▸ Records
____

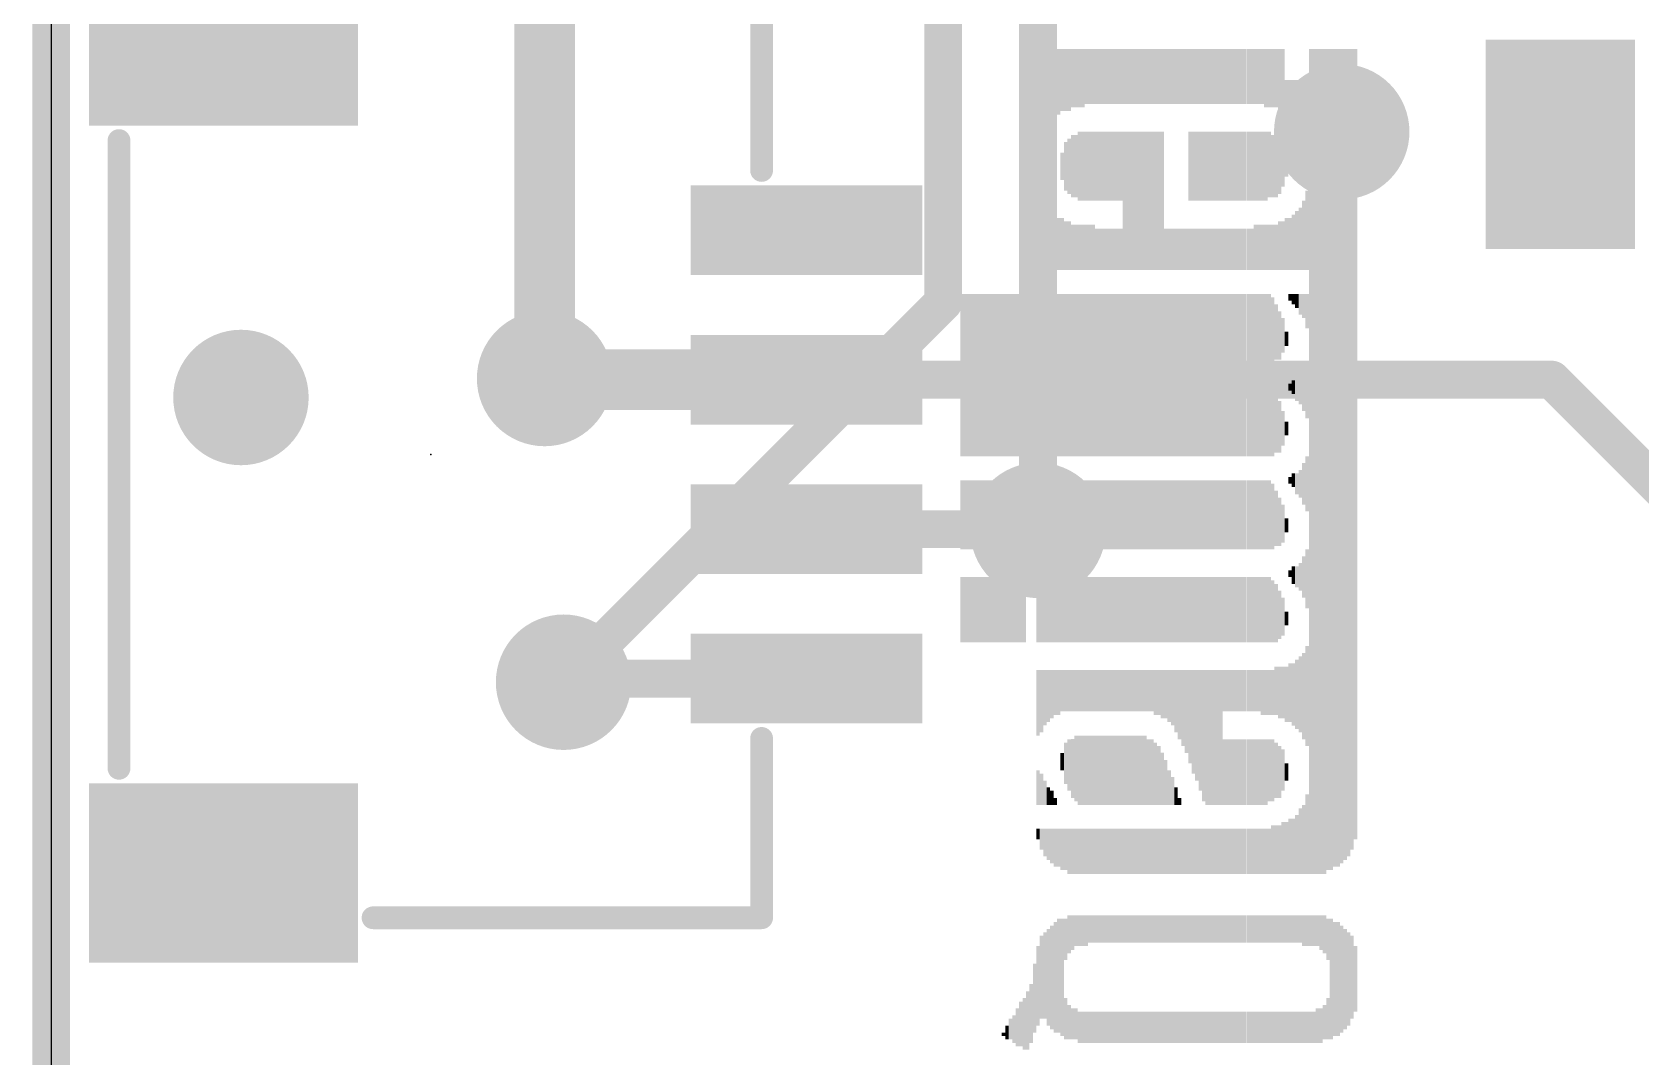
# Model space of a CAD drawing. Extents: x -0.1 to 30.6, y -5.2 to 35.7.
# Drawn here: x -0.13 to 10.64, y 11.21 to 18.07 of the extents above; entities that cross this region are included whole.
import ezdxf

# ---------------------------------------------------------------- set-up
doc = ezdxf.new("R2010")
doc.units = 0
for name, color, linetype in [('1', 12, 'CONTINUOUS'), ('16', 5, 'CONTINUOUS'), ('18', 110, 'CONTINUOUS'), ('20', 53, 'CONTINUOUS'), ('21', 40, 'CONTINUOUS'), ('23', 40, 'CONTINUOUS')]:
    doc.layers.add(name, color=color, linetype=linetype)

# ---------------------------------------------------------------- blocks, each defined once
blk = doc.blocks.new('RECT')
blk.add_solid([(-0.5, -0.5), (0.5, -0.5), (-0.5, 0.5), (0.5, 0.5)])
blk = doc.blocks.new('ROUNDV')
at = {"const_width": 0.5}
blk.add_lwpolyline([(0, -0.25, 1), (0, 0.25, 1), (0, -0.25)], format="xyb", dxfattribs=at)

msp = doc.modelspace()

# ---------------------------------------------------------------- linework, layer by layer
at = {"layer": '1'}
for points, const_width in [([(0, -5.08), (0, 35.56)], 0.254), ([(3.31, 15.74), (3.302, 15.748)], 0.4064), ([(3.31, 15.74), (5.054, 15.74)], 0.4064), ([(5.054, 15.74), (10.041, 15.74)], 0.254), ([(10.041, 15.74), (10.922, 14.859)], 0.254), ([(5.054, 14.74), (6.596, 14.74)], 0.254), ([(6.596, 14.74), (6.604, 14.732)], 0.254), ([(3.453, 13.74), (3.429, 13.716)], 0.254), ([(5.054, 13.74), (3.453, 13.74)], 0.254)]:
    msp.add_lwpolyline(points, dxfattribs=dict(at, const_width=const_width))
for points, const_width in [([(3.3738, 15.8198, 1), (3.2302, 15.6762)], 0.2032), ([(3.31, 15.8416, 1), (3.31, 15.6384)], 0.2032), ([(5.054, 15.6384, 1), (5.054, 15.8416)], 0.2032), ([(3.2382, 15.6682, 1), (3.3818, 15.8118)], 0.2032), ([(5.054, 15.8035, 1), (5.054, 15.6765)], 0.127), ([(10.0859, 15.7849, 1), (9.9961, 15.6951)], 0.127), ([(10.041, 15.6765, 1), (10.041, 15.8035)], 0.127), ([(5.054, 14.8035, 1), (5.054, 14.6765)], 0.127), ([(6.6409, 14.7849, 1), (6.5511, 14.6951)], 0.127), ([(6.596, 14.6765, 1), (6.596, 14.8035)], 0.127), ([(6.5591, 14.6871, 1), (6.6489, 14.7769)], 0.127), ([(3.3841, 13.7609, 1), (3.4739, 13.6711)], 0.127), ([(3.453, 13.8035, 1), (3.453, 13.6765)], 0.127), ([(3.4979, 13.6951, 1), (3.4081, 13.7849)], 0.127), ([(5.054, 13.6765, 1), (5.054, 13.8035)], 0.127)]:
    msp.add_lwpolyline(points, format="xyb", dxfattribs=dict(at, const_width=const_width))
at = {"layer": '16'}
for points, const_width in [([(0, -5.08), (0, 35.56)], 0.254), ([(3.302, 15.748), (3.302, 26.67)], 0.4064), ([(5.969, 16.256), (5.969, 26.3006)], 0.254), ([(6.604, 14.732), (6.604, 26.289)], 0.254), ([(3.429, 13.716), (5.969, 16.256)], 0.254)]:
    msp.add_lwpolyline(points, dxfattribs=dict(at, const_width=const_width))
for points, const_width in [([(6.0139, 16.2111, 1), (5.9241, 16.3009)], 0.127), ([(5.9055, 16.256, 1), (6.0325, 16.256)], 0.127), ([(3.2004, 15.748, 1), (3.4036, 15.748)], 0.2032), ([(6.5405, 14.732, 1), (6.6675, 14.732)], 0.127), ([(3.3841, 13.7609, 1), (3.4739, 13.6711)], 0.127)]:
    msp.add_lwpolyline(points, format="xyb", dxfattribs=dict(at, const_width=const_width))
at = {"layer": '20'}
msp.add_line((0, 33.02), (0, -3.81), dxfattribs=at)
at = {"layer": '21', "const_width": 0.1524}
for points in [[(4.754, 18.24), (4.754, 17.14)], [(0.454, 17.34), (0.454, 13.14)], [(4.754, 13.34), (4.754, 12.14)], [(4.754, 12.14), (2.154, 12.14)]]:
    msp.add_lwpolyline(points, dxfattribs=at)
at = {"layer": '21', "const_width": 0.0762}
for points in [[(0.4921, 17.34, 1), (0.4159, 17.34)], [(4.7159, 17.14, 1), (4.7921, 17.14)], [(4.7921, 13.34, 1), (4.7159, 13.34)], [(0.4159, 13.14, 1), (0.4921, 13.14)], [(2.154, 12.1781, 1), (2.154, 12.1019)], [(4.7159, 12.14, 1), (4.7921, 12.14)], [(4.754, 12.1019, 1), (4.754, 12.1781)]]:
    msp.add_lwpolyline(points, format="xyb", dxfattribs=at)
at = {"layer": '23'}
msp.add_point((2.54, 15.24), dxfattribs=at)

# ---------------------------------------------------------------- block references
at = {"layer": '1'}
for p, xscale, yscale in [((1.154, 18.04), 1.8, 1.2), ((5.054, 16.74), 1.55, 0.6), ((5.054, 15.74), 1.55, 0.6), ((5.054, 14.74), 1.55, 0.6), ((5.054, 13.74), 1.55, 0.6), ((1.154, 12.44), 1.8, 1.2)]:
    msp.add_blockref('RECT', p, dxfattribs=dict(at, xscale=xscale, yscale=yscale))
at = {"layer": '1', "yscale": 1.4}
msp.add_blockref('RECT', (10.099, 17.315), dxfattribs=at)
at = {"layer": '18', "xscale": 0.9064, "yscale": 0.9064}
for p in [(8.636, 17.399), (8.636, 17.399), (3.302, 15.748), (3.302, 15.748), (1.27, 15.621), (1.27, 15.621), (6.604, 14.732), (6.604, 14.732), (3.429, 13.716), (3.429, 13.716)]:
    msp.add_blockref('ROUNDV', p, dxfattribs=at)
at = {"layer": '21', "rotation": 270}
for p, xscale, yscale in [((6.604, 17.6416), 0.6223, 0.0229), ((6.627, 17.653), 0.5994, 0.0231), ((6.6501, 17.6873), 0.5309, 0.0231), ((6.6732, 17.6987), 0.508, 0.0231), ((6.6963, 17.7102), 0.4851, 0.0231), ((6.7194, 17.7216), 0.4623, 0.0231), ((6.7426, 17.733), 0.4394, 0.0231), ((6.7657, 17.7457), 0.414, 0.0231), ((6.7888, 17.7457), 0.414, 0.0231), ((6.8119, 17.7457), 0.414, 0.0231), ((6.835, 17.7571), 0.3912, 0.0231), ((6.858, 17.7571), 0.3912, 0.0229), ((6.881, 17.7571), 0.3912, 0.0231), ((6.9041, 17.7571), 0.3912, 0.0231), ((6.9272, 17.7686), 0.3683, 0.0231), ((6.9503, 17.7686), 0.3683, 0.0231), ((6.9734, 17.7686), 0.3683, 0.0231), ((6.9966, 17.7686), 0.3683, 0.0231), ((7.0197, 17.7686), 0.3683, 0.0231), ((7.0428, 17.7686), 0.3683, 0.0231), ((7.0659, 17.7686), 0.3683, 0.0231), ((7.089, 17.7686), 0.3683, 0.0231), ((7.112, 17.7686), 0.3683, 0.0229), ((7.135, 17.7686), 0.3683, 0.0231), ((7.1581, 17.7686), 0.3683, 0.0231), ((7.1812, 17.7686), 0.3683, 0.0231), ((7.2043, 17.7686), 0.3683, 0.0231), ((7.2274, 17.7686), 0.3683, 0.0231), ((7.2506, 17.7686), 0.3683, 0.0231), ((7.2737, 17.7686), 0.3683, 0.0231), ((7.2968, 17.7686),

____

Copy out all of the material exactly as written, without its pictures.

▸ Exercise result
# Model space of a CAD drawing. Extents: x -0.1 to 30.6, y -5.2 to 35.7.
# Drawn here: x -0.13 to 10.64, y 11.21 to 18.07 of the extents above; entities that cross this region are included whole.
import ezdxf

# ---------------------------------------------------------------- set-up
doc = ezdxf.new("R2010")
doc.units = 0
for name, color, linetype in [('1', 12, 'CONTINUOUS'), ('16', 5, 'CONTINUOUS'), ('18', 110, 'CONTINUOUS'), ('20', 53, 'CONTINUOUS'), ('21', 40, 'CONTINUOUS'), ('23', 40, 'CONTINUOUS')]:
    doc.layers.add(name, color=color, linetype=linetype)

# ---------------------------------------------------------------- blocks, each defined once
blk = doc.blocks.new('RECT')
blk.add_solid([(-0.5, -0.5), (0.5, -0.5), (-0.5, 0.5), (0.5, 0.5)])
blk = doc.blocks.new('ROUNDV')
at = {"const_width": 0.5}
blk.add_lwpolyline([(0, -0.25, 1), (0, 0.25, 1), (0, -0.25)], format="xyb", dxfattribs=at)

msp = doc.modelspace()

# ---------------------------------------------------------------- linework, layer by layer
at = {"layer": '1'}
for points, const_width in [([(0, -5.08), (0, 35.56)], 0.254), ([(3.31, 15.74), (3.302, 15.748)], 0.4064), ([(3.31, 15.74), (5.054, 15.74)], 0.4064), ([(5.054, 15.74), (10.041, 15.74)], 0.254), ([(10.041, 15.74), (10.922, 14.859)], 0.254), ([(5.054, 14.74), (6.596, 14.74)], 0.254), ([(6.596, 14.74), (6.604, 14.732)], 0.254), ([(3.453, 13.74), (3.429, 13.716)], 0.254), ([(5.054, 13.74), (3.453, 13.74)], 0.254)]:
    msp.add_lwpolyline(points, dxfattribs=dict(at, const_width=const_width))
for points, const_width in [([(3.3738, 15.8198, 1), (3.2302, 15.6762)], 0.2032), ([(3.31, 15.8416, 1), (3.31, 15.6384)], 0.2032), ([(5.054, 15.6384, 1), (5.054, 15.8416)], 0.2032), ([(3.2382, 15.6682, 1), (3.3818, 15.8118)], 0.2032), ([(5.054, 15.8035, 1), (5.054, 15.6765)], 0.127), ([(10.0859, 15.7849, 1), (9.9961, 15.6951)], 0.127), ([(10.041, 15.6765, 1), (10.041, 15.8035)], 0.127), ([(5.054, 14.8035, 1), (5.054, 14.6765)], 0.127), ([(6.6409, 14.7849, 1), (6.5511, 14.6951)], 0.127), ([(6.596, 14.6765, 1), (6.596, 14.8035)], 0.127), ([(6.5591, 14.6871, 1), (6.6489, 14.7769)], 0.127), ([(3.3841, 13.7609, 1), (3.4739, 13.6711)], 0.127), ([(3.453, 13.8035, 1), (3.453, 13.6765)], 0.127), ([(3.4979, 13.6951, 1), (3.4081, 13.7849)], 0.127), ([(5.054, 13.6765, 1), (5.054, 13.8035)], 0.127)]:
    msp.add_lwpolyline(points, format="xyb", dxfattribs=dict(at, const_width=const_width))
at = {"layer": '16'}
for points, const_width in [([(0, -5.08), (0, 35.56)], 0.254), ([(3.302, 15.748), (3.302, 26.67)], 0.4064), ([(5.969, 16.256), (5.969, 26.3006)], 0.254), ([(6.604, 14.732), (6.604, 26.289)], 0.254), ([(3.429, 13.716), (5.969, 16.256)], 0.254)]:
    msp.add_lwpolyline(points, dxfattribs=dict(at, const_width=const_width))
for points, const_width in [([(6.0139, 16.2111, 1), (5.9241, 16.3009)], 0.127), ([(5.9055, 16.256, 1), (6.0325, 16.256)], 0.127), ([(3.2004, 15.748, 1), (3.4036, 15.748)], 0.2032), ([(6.5405, 14.732, 1), (6.6675, 14.732)], 0.127), ([(3.3841, 13.7609, 1), (3.4739, 13.6711)], 0.127)]:
    msp.add_lwpolyline(points, format="xyb", dxfattribs=dict(at, const_width=const_width))
at = {"layer": '20'}
msp.add_line((0, 33.02), (0, -3.81), dxfattribs=at)
at = {"layer": '21', "const_width": 0.1524}
for points in [[(4.754, 18.24), (4.754, 17.14)], [(0.454, 17.34), (0.454, 13.14)], [(4.754, 13.34), (4.754, 12.14)], [(4.754, 12.14), (2.154, 12.14)]]:
    msp.add_lwpolyline(points, dxfattribs=at)
at = {"layer": '21', "const_width": 0.0762}
for points in [[(0.4921, 17.34, 1), (0.4159, 17.34)], [(4.7159, 17.14, 1), (4.7921, 17.14)], [(4.7921, 13.34, 1), (4.7159, 13.34)], [(0.4159, 13.14, 1), (0.4921, 13.14)], [(2.154, 12.1781, 1), (2.154, 12.1019)], [(4.7159, 12.14, 1), (4.7921, 12.14)], [(4.754, 12.1019, 1), (4.754, 12.1781)]]:
    msp.add_lwpolyline(points, format="xyb", dxfattribs=at)
at = {"layer": '23'}
msp.add_point((2.54, 15.24), dxfattribs=at)

# ---------------------------------------------------------------- block references
at = {"layer": '1'}
for p, xscale, yscale in [((1.154, 18.04), 1.8, 1.2), ((5.054, 16.74), 1.55, 0.6), ((5.054, 15.74), 1.55, 0.6), ((5.054, 14.74), 1.55, 0.6), ((5.054, 13.74), 1.55, 0.6), ((1.154, 12.44), 1.8, 1.2)]:
    msp.add_blockref('RECT', p, dxfattribs=dict(at, xscale=xscale, yscale=yscale))
at = {"layer": '1', "yscale": 1.4}
msp.add_blockref('RECT', (10.099, 17.315), dxfattribs=at)
at = {"layer": '18', "xscale": 0.9064, "yscale": 0.9064}
for p in [(8.636, 17.399), (8.636, 17.399), (3.302, 15.748), (3.302, 15.748), (1.27, 15.621), (1.27, 15.621), (6.604, 14.732), (6.604, 14.732), (3.429, 13.716), (3.429, 13.716)]:
    msp.add_blockref('ROUNDV', p, dxfattribs=at)
at = {"layer": '21', "rotation": 270}
for p, xscale, yscale in [((6.604, 17.6416), 0.6223, 0.0229), ((6.627, 17.653), 0.5994, 0.0231), ((6.6501, 17.6873), 0.5309, 0.0231), ((6.6732, 17.6987), 0.508, 0.0231), ((6.6963, 17.7102), 0.4851, 0.0231), ((6.7194, 17.7216), 0.4623, 0.0231), ((6.7426, 17.733), 0.4394, 0.0231), ((6.7657, 17.7457), 0.414, 0.0231), ((6.7888, 17.7457), 0.414, 0.0231), ((6.8119, 17.7457), 0.414, 0.0231), ((6.835, 17.7571), 0.3912, 0.0231), ((6.858, 17.7571), 0.3912, 0.0229), ((6.881, 17.7571), 0.3912, 0.0231), ((6.9041, 17.7571), 0.3912, 0.0231), ((6.9272, 17.7686), 0.3683, 0.0231), ((6.9503, 17.7686), 0.3683, 0.0231), ((6.9734, 17.7686), 0.3683, 0.0231), ((6.9966, 17.7686), 0.3683, 0.0231), ((7.0197, 17.7686), 0.3683, 0.0231), ((7.0428, 17.7686), 0.3683, 0.0231), ((7.0659, 17.7686), 0.3683, 0.0231), ((7.089, 17.7686), 0.3683, 0.0231), ((7.112, 17.7686), 0.3683, 0.0229), ((7.135, 17.7686), 0.3683, 0.0231), ((7.1581, 17.7686), 0.3683, 0.0231), ((7.1812, 17.7686), 0.3683, 0.0231), ((7.2043, 17.7686), 0.3683, 0.0231), ((7.2274, 17.7686), 0.3683, 0.0231), ((7.2506, 17.7686), 0.3683, 0.0231), ((7.2737, 17.7686), 0.3683, 0.0231), ((7.2968, 17.7686),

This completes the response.